EMS providers are often called to evaluate patients who are behaving oddly or who are having an emotional or mental crisis. Although these conditions are not necessarily all from diagnosable psychiatric disorders, all involve—to some extent—disorders of thinking. These patients are therefore often labeled as “psychiatric,” even if the cause of the patient’s symptoms is from another medical condition.
Discuss the initial prehospital evaluation and management of the acutely psychotic patient.
Discuss common psychiatric conditions in prehospital patients.
Discuss the initial prehospital evaluation and management of the suicidal patient.
Discuss the initial prehospital evaluation and management of the homicidal patient.
Discuss commonly encountered drugs of abuse and their toxidromes.
Discuss the involvement of law enforcement in prehospital psychiatric patients.
Discuss some pitfalls associated with these conditions in the prehospital environment.
There are three key points to understanding behaviorally disordered patients. First, patients with odd behavior or who are having a mental or emotional crisis are “real patients.” These patients need capable, caring EMS providers just as much as other patients who are suffering from medical conditions that can be treated with a paramedic drug kit. Providers who dismiss many of these patients as “just another psych patient” not only do not appreciate the varied causes of odd behavior, but may also miss an early opportunity to intervene in a potentially life-threatening condition. Second, these patients often present unique challenges to EMS providers. Since these patients often have impaired reasoning about their situation, they may have difficulty giving a history or answering questions like other patients. This can sometimes be frustrating to providers, especially those who are not used to utilizing creativity in order to obtain information. Finally, patients with impaired reasoning skills in chaotic environments may respond unpredictably. More so than with other types of patients, providers must always be mindful of their own safety as well as for others at the scene.

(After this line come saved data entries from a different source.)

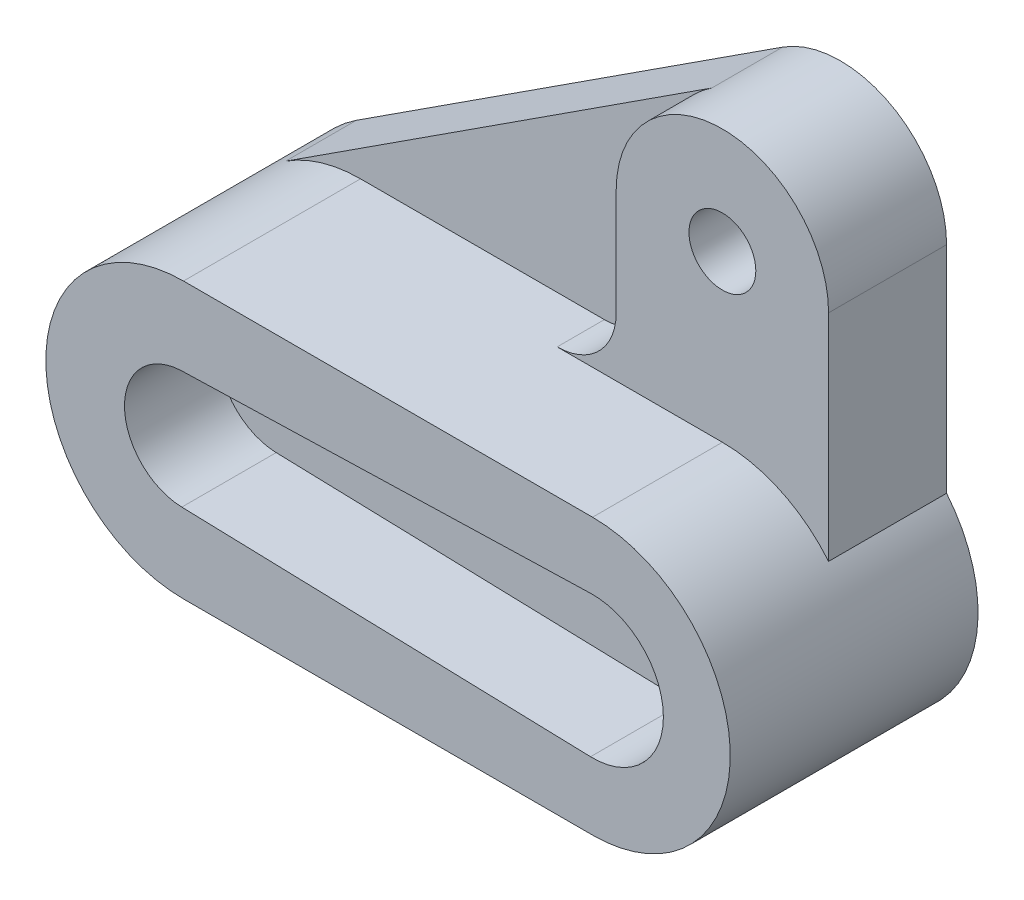
ISO-10303-21;
HEADER;
FILE_DESCRIPTION(('STEP AP214'),'2;1');
FILE_NAME('part.step','',(''),(''),'','','');
FILE_SCHEMA(('AUTOMOTIVE_DESIGN { 1 0 10303 214 1 1 1 1 }'));
ENDSEC;
DATA;
#1=APPLICATION_CONTEXT('core data for automotive mechanical design processes');
#2=APPLICATION_PROTOCOL_DEFINITION('international standard','automotive_design',2000,#1);
#3=PRODUCT_CONTEXT('',#1,'mechanical');
#4=PRODUCT('Part','Part','',(#3));
#5=PRODUCT_RELATED_PRODUCT_CATEGORY('part','',(#4));
#6=PRODUCT_DEFINITION_FORMATION('','',#4);
#7=PRODUCT_DEFINITION_CONTEXT('part definition',#1,'design');
#8=PRODUCT_DEFINITION('design','',#6,#7);
#9=PRODUCT_DEFINITION_SHAPE('','',#8);
#10=(LENGTH_UNIT() NAMED_UNIT(*) SI_UNIT(.MILLI.,.METRE.));
#11=(NAMED_UNIT(*) PLANE_ANGLE_UNIT() SI_UNIT($,.RADIAN.));
#12=(NAMED_UNIT(*) SI_UNIT($,.STERADIAN.) SOLID_ANGLE_UNIT());
#13=UNCERTAINTY_MEASURE_WITH_UNIT(LENGTH_MEASURE(1.E-05),#10,'distance_accuracy_value','');
#14=(GEOMETRIC_REPRESENTATION_CONTEXT(3) GLOBAL_UNCERTAINTY_ASSIGNED_CONTEXT((#13)) GLOBAL_UNIT_ASSIGNED_CONTEXT((#10,
#11,#12)) REPRESENTATION_CONTEXT('',''));
#15=CARTESIAN_POINT('',(0.,0.,0.));
#16=DIRECTION('',(0.,0.,1.));
#17=DIRECTION('',(1.,0.,0.));
#18=AXIS2_PLACEMENT_3D('',#15,#16,#17);
#19=CARTESIAN_POINT('',(-58.2524439912202,0.,-15.));
#20=DIRECTION('',(0.,0.,1.));
#21=DIRECTION('',(1.,0.,0.));
#22=AXIS2_PLACEMENT_3D('',#19,#20,#21);
#23=CYLINDRICAL_SURFACE('',#22,35.);
#24=CARTESIAN_POINT('',(-58.2524439912202,0.,3.));
#25=DIRECTION('',(0.,0.,1.));
#26=DIRECTION('',(1.,0.,0.));
#27=AXIS2_PLACEMENT_3D('',#24,#25,#26);
#28=CIRCLE('',#27,35.);
#29=CARTESIAN_POINT('',(-58.2524439912202,35.,3.));
#30=VERTEX_POINT('',#29);
#31=CARTESIAN_POINT('',(-77.3000748466596,29.3630338826715,3.));
#32=VERTEX_POINT('',#31);
#33=EDGE_CURVE('E57',#30,#32,#28,.T.);
#34=ORIENTED_EDGE('',*,*,#33,.T.);
#35=DIRECTION('',(0.,0.,1.));
#36=VECTOR('',#35,1.);
#37=CARTESIAN_POINT('',(-77.3000748466596,29.3630338826715,-15.));
#38=LINE('',#37,#36);
#39=CARTESIAN_POINT('',(-77.3000748466596,29.3630338826715,-15.));
#40=VERTEX_POINT('',#39);
#41=EDGE_CURVE('E184',#40,#32,#38,.T.);
#42=ORIENTED_EDGE('',*,*,#41,.F.);
#43=CARTESIAN_POINT('',(-58.2524439912202,0.,-15.));
#44=DIRECTION('',(0.,0.,1.));
#45=DIRECTION('',(1.,0.,0.));
#46=AXIS2_PLACEMENT_3D('',#43,#44,#45);
#47=CIRCLE('',#46,35.);
#48=CARTESIAN_POINT('',(-58.2524439912202,-35.,-15.));
#49=VERTEX_POINT('',#48);
#50=EDGE_CURVE('E342',#40,#49,#47,.T.);
#51=ORIENTED_EDGE('',*,*,#50,.T.);
#52=DIRECTION('',(0.,0.,1.));
#53=VECTOR('',#52,1.);
#54=CARTESIAN_POINT('',(-58.2524439912202,-35.,-15.));
#55=LINE('',#54,#53);
#56=CARTESIAN_POINT('',(-58.2524439912202,-35.,48.));
#57=VERTEX_POINT('',#56);
#58=EDGE_CURVE('E49',#49,#57,#55,.T.);
#59=ORIENTED_EDGE('',*,*,#58,.T.);
#60=CARTESIAN_POINT('',(-58.2524439912202,0.,48.));
#61=DIRECTION('',(0.,0.,1.));
#62=DIRECTION('',(1.,0.,0.));
#63=AXIS2_PLACEMENT_3D('',#60,#61,#62);
#64=CIRCLE('',#63,35.);
#65=CARTESIAN_POINT('',(-58.2524439912202,35.,48.));
#66=VERTEX_POINT('',#65);
#67=EDGE_CURVE('E316',#66,#57,#64,.T.);
#68=ORIENTED_EDGE('',*,*,#67,.F.);
#69=DIRECTION('',(0.,0.,1.));
#70=VECTOR('',#69,1.);
#71=CARTESIAN_POINT('',(-58.2524439912202,35.,-15.));
#72=LINE('',#71,#70);
#73=EDGE_CURVE('E352',#30,#66,#72,.T.);
#74=ORIENTED_EDGE('',*,*,#73,.F.);
#75=EDGE_LOOP('',(#34,#42,#51,#59,#68,#74));
#76=FACE_BOUND('',#75,.T.);
#77=ADVANCED_FACE('F39',(#76),#23,.T.);
#78=CARTESIAN_POINT('',(45.7475560087798,0.,-15.));
#79=DIRECTION('',(0.,0.,1.));
#80=DIRECTION('',(1.,0.,0.));
#81=AXIS2_PLACEMENT_3D('',#78,#79,#80);
#82=CYLINDRICAL_SURFACE('',#81,35.);
#83=CARTESIAN_POINT('',(45.7475560087798,0.,-15.));
#84=DIRECTION('',(0.,0.,1.));
#85=DIRECTION('',(1.,0.,0.));
#86=AXIS2_PLACEMENT_3D('',#83,#84,#85);
#87=CIRCLE('',#86,35.);
#88=CARTESIAN_POINT('',(45.7475560087798,-35.,-15.));
#89=VERTEX_POINT('',#88);
#90=CARTESIAN_POINT('',(72.7475560087798,22.2710574513201,-15.));
#91=VERTEX_POINT('',#90);
#92=EDGE_CURVE('E338',#89,#91,#87,.T.);
#93=ORIENTED_EDGE('',*,*,#92,.T.);
#94=DIRECTION('',(0.,0.,1.));
#95=VECTOR('',#94,1.);
#96=CARTESIAN_POINT('',(72.7475560087798,22.2710574513201,-15.));
#97=LINE('',#96,#95);
#98=CARTESIAN_POINT('',(72.7475560087798,22.2710574513201,15.));
#99=VERTEX_POINT('',#98);
#100=EDGE_CURVE('E257',#91,#99,#97,.T.);
#101=ORIENTED_EDGE('',*,*,#100,.T.);
#102=CARTESIAN_POINT('',(45.7475560087798,0.,15.));
#103=DIRECTION('',(0.,0.,1.));
#104=DIRECTION('',(1.,0.,0.));
#105=AXIS2_PLACEMENT_3D('',#102,#103,#104);
#106=CIRCLE('',#105,35.);
#107=CARTESIAN_POINT('',(45.7475560087798,35.,15.));
#108=VERTEX_POINT('',#107);
#109=EDGE_CURVE('E217',#99,#108,#106,.T.);
#110=ORIENTED_EDGE('',*,*,#109,.T.);
#111=DIRECTION('',(0.,0.,1.));
#112=VECTOR('',#111,1.);
#113=CARTESIAN_POINT('',(45.7475560087798,35.,-15.));
#114=LINE('',#113,#112);
#115=CARTESIAN_POINT('',(45.7475560087798,35.,48.));
#116=VERTEX_POINT('',#115);
#117=EDGE_CURVE('E355',#108,#116,#114,.T.);
#118=ORIENTED_EDGE('',*,*,#117,.T.);
#119=CARTESIAN_POINT('',(45.7475560087798,0.,48.));
#120=DIRECTION('',(0.,0.,1.));
#121=DIRECTION('',(1.,0.,0.));
#122=AXIS2_PLACEMENT_3D('',#119,#120,#121);
#123=CIRCLE('',#122,35.);
#124=CARTESIAN_POINT('',(45.7475560087798,-35.,48.));
#125=VERTEX_POINT('',#124);
#126=EDGE_CURVE('E308',#125,#116,#123,.T.);
#127=ORIENTED_EDGE('',*,*,#126,.F.);
#128=DIRECTION('',(0.,0.,1.));
#129=VECTOR('',#128,1.);
#130=CARTESIAN_POINT('',(45.7475560087798,-35.,-15.));
#131=LINE('',#130,#129);
#132=EDGE_CURVE('E11',#89,#125,#131,.T.);
#133=ORIENTED_EDGE('',*,*,#132,.F.);
#134=EDGE_LOOP('',(#93,#101,#110,#118,#127,#133));
#135=FACE_BOUND('',#134,.T.);
#136=ADVANCED_FACE('F417',(#135),#82,.T.);
#137=CARTESIAN_POINT('',(0.,35.,-15.));
#138=DIRECTION('',(0.,-1.,0.));
#139=DIRECTION('',(0.,0.,-1.));
#140=AXIS2_PLACEMENT_3D('',#137,#138,#139);
#141=PLANE('',#140);
#142=DIRECTION('',(0.,0.,1.));
#143=VECTOR('',#142,1.);
#144=CARTESIAN_POINT('',(3.74755600877969,35.,-15.));
#145=LINE('',#144,#143);
#146=CARTESIAN_POINT('',(3.74755600877969,35.,3.));
#147=VERTEX_POINT('',#146);
#148=CARTESIAN_POINT('',(3.74755600877969,35.,15.));
#149=VERTEX_POINT('',#148);
#150=EDGE_CURVE('E246',#147,#149,#145,.T.);
#151=ORIENTED_EDGE('',*,*,#150,.F.);
#152=DIRECTION('',(1.,0.,0.));
#153=VECTOR('',#152,1.);
#154=CARTESIAN_POINT('',(0.,35.,3.));
#155=LINE('',#154,#153);
#156=EDGE_CURVE('E65',#30,#147,#155,.T.);
#157=ORIENTED_EDGE('',*,*,#156,.F.);
#158=ORIENTED_EDGE('',*,*,#73,.T.);
#159=DIRECTION('',(1.,0.,0.));
#160=VECTOR('',#159,1.);
#161=CARTESIAN_POINT('',(0.,35.,48.));
#162=LINE('',#161,#160);
#163=EDGE_CURVE('E312',#66,#116,#162,.T.);
#164=ORIENTED_EDGE('',*,*,#163,.T.);
#165=ORIENTED_EDGE('',*,*,#117,.F.);
#166=DIRECTION('',(1.,0.,0.));
#167=VECTOR('',#166,1.);
#168=CARTESIAN_POINT('',(0.,35.,15.));
#169=LINE('',#168,#167);
#170=EDGE_CURVE('E214',#149,#108,#169,.T.);
#171=ORIENTED_EDGE('',*,*,#170,.F.);
#172=EDGE_LOOP('',(#151,#157,#158,#164,#165,#171));
#173=FACE_BOUND('',#172,.T.);
#174=ADVANCED_FACE('F422',(#173),#141,.F.);
#175=CARTESIAN_POINT('',(45.7475560087798,0.,-15.));
#176=DIRECTION('',(0.,0.,1.));
#177=DIRECTION('',(1.,0.,0.));
#178=AXIS2_PLACEMENT_3D('',#175,#176,#177);
#179=CYLINDRICAL_SURFACE('',#178,18.);
#180=CARTESIAN_POINT('',(45.7475560087798,0.,0.));
#181=DIRECTION('',(0.,0.,1.));
#182=DIRECTION('',(1.,0.,0.));
#183=AXIS2_PLACEMENT_3D('',#180,#181,#182);
#184=CIRCLE('',#183,18.);
#185=CARTESIAN_POINT('',(45.2283252395491,-17.9925095361454,0.));
#186=VERTEX_POINT('',#185);
#187=CARTESIAN_POINT('',(45.2283252395491,17.9925095361454,0.));
#188=VERTEX_POINT('',#187);
#189=EDGE_CURVE('E282',#186,#188,#184,.T.);
#190=ORIENTED_EDGE('',*,*,#189,.T.);
#191=DIRECTION('',(0.,0.,1.));
#192=VECTOR('',#191,1.);
#193=CARTESIAN_POINT('',(45.2283252395491,17.9925095361454,-15.));
#194=LINE('',#193,#192);
#195=CARTESIAN_POINT('',(45.2283252395491,17.9925095361454,-15.));
#196=VERTEX_POINT('',#195);
#197=EDGE_CURVE('E358',#196,#188,#194,.T.);
#198=ORIENTED_EDGE('',*,*,#197,.F.);
#199=CARTESIAN_POINT('',(45.7475560087798,0.,-15.));
#200=DIRECTION('',(0.,0.,1.));
#201=DIRECTION('',(1.,0.,0.));
#202=AXIS2_PLACEMENT_3D('',#199,#200,#201);
#203=CIRCLE('',#202,18.);
#204=CARTESIAN_POINT('',(45.2283252395491,-17.9925095361454,-15.));
#205=VERTEX_POINT('',#204);
#206=EDGE_CURVE('E324',#205,#196,#203,.T.);
#207=ORIENTED_EDGE('',*,*,#206,.F.);
#208=DIRECTION('',(0.,0.,1.));
#209=VECTOR('',#208,1.);
#210=CARTESIAN_POINT('',(45.2283252395491,-17.9925095361454,-15.));
#211=LINE('',#210,#209);
#212=EDGE_CURVE('E43',#205,#186,#211,.T.);
#213=ORIENTED_EDGE('',*,*,#212,.T.);
#214=EDGE_LOOP('',(#190,#198,#207,#213));
#215=FACE_BOUND('',#214,.T.);
#216=ADVANCED_FACE('F430',(#215),#179,.F.);
#217=CARTESIAN_POINT('',(-0.481164200806304,16.6734176487363,-15.));
#218=DIRECTION('',(-0.0288461538461538,0.99958386311919,0.));
#219=DIRECTION('',(-0.99958386311919,-0.0288461538461538,0.));
#220=AXIS2_PLACEMENT_3D('',#217,#218,#219);
#221=PLANE('',#220);
#222=DIRECTION('',(-0.99958386311919,-0.0288461538461538,0.));
#223=VECTOR('',#222,1.);
#224=CARTESIAN_POINT('',(-0.481164200806304,16.6734176487363,0.));
#225=LINE('',#224,#223);
#226=CARTESIAN_POINT('',(-58.6851362989125,14.9937579467879,0.));
#227=VERTEX_POINT('',#226);
#228=EDGE_CURVE('E286',#188,#227,#225,.T.);
#229=ORIENTED_EDGE('',*,*,#228,.T.);
#230=DIRECTION('',(0.,0.,1.));
#231=VECTOR('',#230,1.);
#232=CARTESIAN_POINT('',(-58.6851362989125,14.9937579467879,-15.));
#233=LINE('',#232,#231);
#234=CARTESIAN_POINT('',(-58.6851362989125,14.9937579467879,-15.));
#235=VERTEX_POINT('',#234);
#236=EDGE_CURVE('E363',#235,#227,#233,.T.);
#237=ORIENTED_EDGE('',*,*,#236,.F.);
#238=DIRECTION('',(-0.99958386311919,-0.0288461538461538,0.));
#239=VECTOR('',#238,1.);
#240=CARTESIAN_POINT('',(-0.481164200806304,16.6734176487363,-15.));
#241=LINE('',#240,#239);
#242=EDGE_CURVE('E335',#196,#235,#241,.T.);
#243=ORIENTED_EDGE('',*,*,#242,.F.);
#244=ORIENTED_EDGE('',*,*,#197,.T.);
#245=EDGE_LOOP('',(#229,#237,#243,#244));
#246=FACE_BOUND('',#245,.T.);
#247=ADVANCED_FACE('F413',(#246),#221,.F.);
#248=CARTESIAN_POINT('',(-58.2524439912202,0.,-15.));
#249=DIRECTION('',(0.,0.,1.));
#250=DIRECTION('',(1.,0.,0.));
#251=AXIS2_PLACEMENT_3D('',#248,#249,#250);
#252=CYLINDRICAL_SURFACE('',#251,15.);
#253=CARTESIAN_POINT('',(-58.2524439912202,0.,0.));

There are very few studies in the literature that specifically investigate prehospital management of behavior-disordered patients. Many of the recommendations in this chapter, therefore, are taken from the much larger literature on emergency department management of these patients. Nonetheless, prehospital providers are the “eyes and ears” of the clinicians who will eventually be treating these patients in the emergency department and will be the ones offering early intervention, which is key in the management of these patients.
Behaviorally disordered patients are common in the prehospital setting, although not all conditions have a definable psychiatric diagnosis. Such conditions include agitation and acute psychosis, suicidal patients, and homicidal patients. These conditions are often called presentations or syndromes, as each is only a label for symptoms which are produced by a variety of medical conditions. Each of these syndromes is discussed in turn.
Agitation and acute psychosis are challenging to specifically define. Most definitions include a disturbance or disorder in thinking with resulting excitement or restlessness on the part of the patient. Most providers “know agitation when they see it.” Remarkably, however, most have difficulty defining agitation precisely. Likely this is because individual providers often have different comfort levels with restless or excited patients; an agitated patient to one provider may simply be an irritable or ornery patient to another.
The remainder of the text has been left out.